Now you know who to thank when your Social Security Number is spread all over the place (that may seem dramatic, but SSID is one of the pieces of information that your ISP can now share without permission).

This is an absolutely atrocious invasion of privacy – one that provides no benefits to consumers and only gives ISP more means for making a profit off a service they already charge users for. During the resolution’s debate, Senator Ed Markey (D) said “the acronym ‘ISP’ now stands for ‘information sold for profit,’ and ‘invading subscriber privacy,’ rather than ‘Internet service providers.’”

This outcome demonstrates the importance of sensible policies on digital privacy – something that the US government has a bad track record with. While we often like to champion the capabilities of technology, that alone cannot solve all of our problems.

For instance, even with these new regulations, SSL/TLS can still provide some privacy from your ISP’s prying eyes.  When using HTTPS, a network observer cannot see the specific page you have visited on a website, but they can still see the hostname.

This means that HTTPS prevents your ISP from seeing what you have searched for on Google. But they will be able to see that you navigated from Google to WebMD.com, and then to Diabetes.org.
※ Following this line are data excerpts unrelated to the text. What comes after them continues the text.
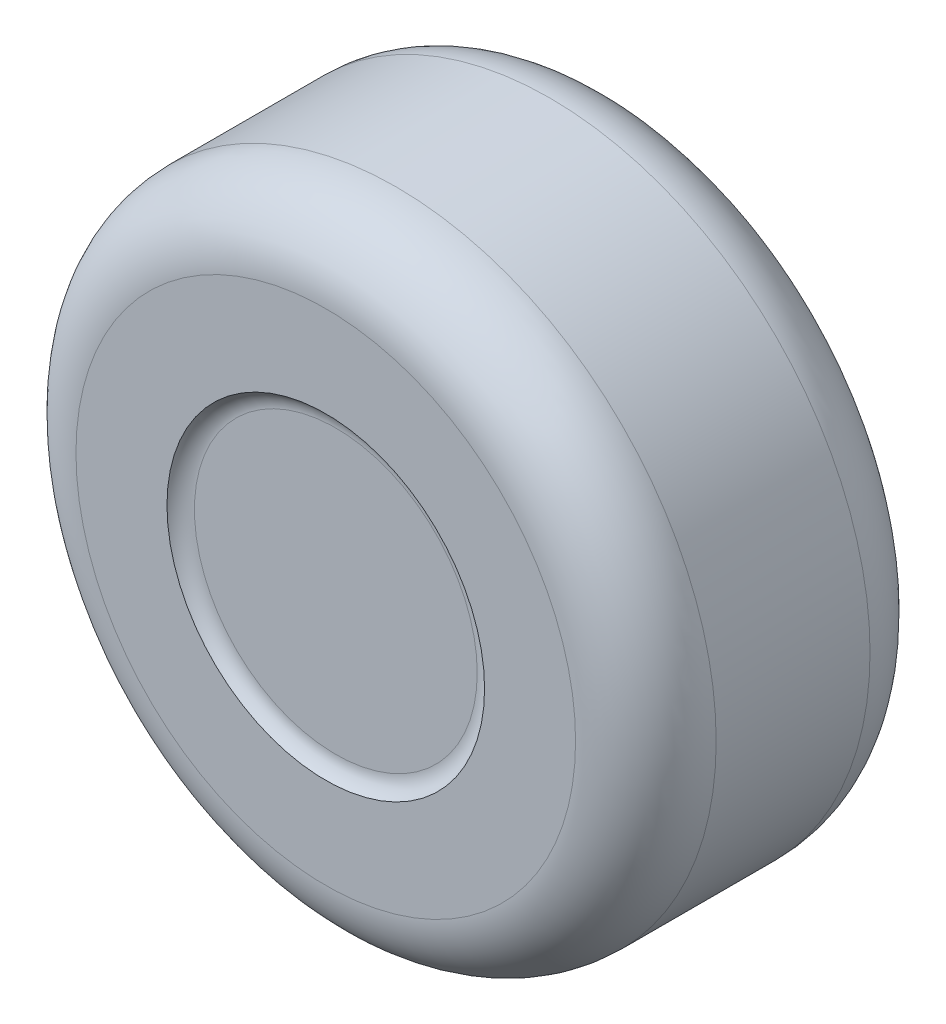
from build123d import *

# Parameters (mm, degrees)
CROQUIS1_R              = 63.75
SALIENTE_EXTRUIR1_DEPTH = 29.32
CROQUIS2_R              = 31.625
CORTAR_EXTRUIR1_DEPTH   = 2
REDONDEO2_R             = 4
REDONDEO3_R             = 14
CROQUIS4_R              = 31.625
CORTAR_EXTRUIR3_DEPTH   = 2
CROQUIS5_R              = 27.12
CORTAR_EXTRUIR4_DEPTH   = 2
REDONDEO4_R             = 14
CROQUIS6_R              = 4.05
CORTAR_EXTRUIR5_DEPTH   = 30
REDONDEO5_R             = 2
REDONDEO6_R             = 2


# Some blends are built 0.0001 mm under size
with BuildPart() as part:
    # Croquis1 → Saliente-Extruir1 (new, symmetric)
    with BuildSketch(Plane.XY):
        with Locations(Location((0, 0, 0), (0, 0, 180))):
            Circle(CROQUIS1_R)
    extrude(amount=SALIENTE_EXTRUIR1_DEPTH, both=True)

    # Croquis2 → Cortar-Extruir1 (cut)
    with BuildSketch(Plane.XY.offset(29.32)):
        Circle(CROQUIS2_R)
    extrude(amount=-CORTAR_EXTRUIR1_DEPTH, mode=Mode.SUBTRACT)

    # Redondeo2
    # the kernel refuses this fillet: 4 mm, written as the material it adds along each edge
    with BuildSketch(Plane(origin=(0, 0, 27.32), x_dir=(1, 0, 0), z_dir=(0, -1, 0))) as redondeo2_piece_1:
        with BuildLine():
            CenterArc((28.160898385, 4), REDONDEO2_R, 270, 60)
            Line((28.160898385, 0), (28.160898385, -0.08))
            Line((28.160898385, -0.08), (31.625, -0.08))
            Line((31.625, -0.08), (31.705, 0))
            ThreePointArc((31.705, 0), (31.705, 1), (31.694282032, 1.96))
            Line((31.694282032, 1.96), (31.625, 2))
        make_face()
    revolve(axis=Axis((0, 0, 27.32), (0, 0, 1)))

    # Redondeo3
    redondeo3_edges = [part.edges().sort_by_distance(p)[0] for p in [
        (63.75, 0, 29.32),
    ]]
    fillet(redondeo3_edges, radius=REDONDEO3_R)

    # Croquis4 → Cortar-Extruir3 (cut)
    with BuildSketch(Plane(origin=(0, 0, -29.32), x_dir=(-1, 0, 0), z_dir=(0, 0, -1))):
        Circle(CROQUIS4_R)
    extrude(amount=-CORTAR_EXTRUIR3_DEPTH, mode=Mode.SUBTRACT)

    # Croquis5 → Cortar-Extruir4 (cut)
    with BuildSketch(Plane(origin=(0, 0, -27.32), x_dir=(-1, 0, 0), z_dir=(0, 0, -1))):
        Circle(CROQUIS5_R)
    extrude(amount=-CORTAR_EXTRUIR4_DEPTH, mode=Mode.SUBTRACT)

    # Redondeo4
    redondeo4_edges = [part.edges().sort_by_distance(p)[0] for p in [
        (63.75, 0, -29.32),
    ]]
    fillet(redondeo4_edges, radius=REDONDEO4_R)

    # Croquis6 → Cortar-Extruir5 (cut)
    with BuildSketch(Plane(origin=(0, 0, -25.32), x_dir=(-1, 0, 0), z_dir=(0, 0, -1))):
        Circle(CROQUIS6_R)
    extrude(amount=-CORTAR_EXTRUIR5_DEPTH, mode=Mode.SUBTRACT)

    # Redondeo5
    redondeo5_edges = [part.edges().sort_by_distance(p)[0] for p in [
        (27.12, 0, -27.32),
    ]]
    fillet(redondeo5_edges, radius=REDONDEO5_R - 0.0001)  # a hair under: the kernel refuses the full size

    # Redondeo6
    redondeo6_edges = [part.edges().sort_by_distance(p)[0] for p in [
        (31.625, 0, -27.32),
    ]]
    fillet(redondeo6_edges, radius=REDONDEO6_R - 0.0001)  # a hair under: the kernel refuses the full size


solid = part.part

This demonstrates the trivial ease with which a network-level observer with aggregate data can identify what you are doing, even with some protections. (By the way, this is another good reason for you to adopt HTTPS for your site. Give your users the ability to value and prioritize their privacy instead of taking that decision away from them by only offering HTTP).

Users could go further and bolster their protections by also using a VPN – which would encrypt all traffic from their local computer and effectively blind their ISP. But in the digital realm, privacy and safety are usually unrelated. So unless your VPN provider isn’t rubbish – which is a big assumption to make – you may be sacrificing one protection for another.

By using a VPN you are really just shifting your exposure instead of limiting it. After all, instead of your ISP seeing everything you’re doing, now your VPN provider will. Given that there is less oversight over VPN providers, they may not provide any privacy improvement at all.

So that is another technology solution which fails to really work…

This does not even get into the topic of usability or the fact that keeping a shred of privacy online will take money, know-how, and the inevitable troubleshooting and inconveniences of such a complicated method just to do some simple web browsing.

So, what’s more reasonable – to play a cat and mouse game with various protocols, services, and software to keep your basic privacy rights intact? Or would it be better for our government to start taking our digital rights seriously, and start passing sensible legislation?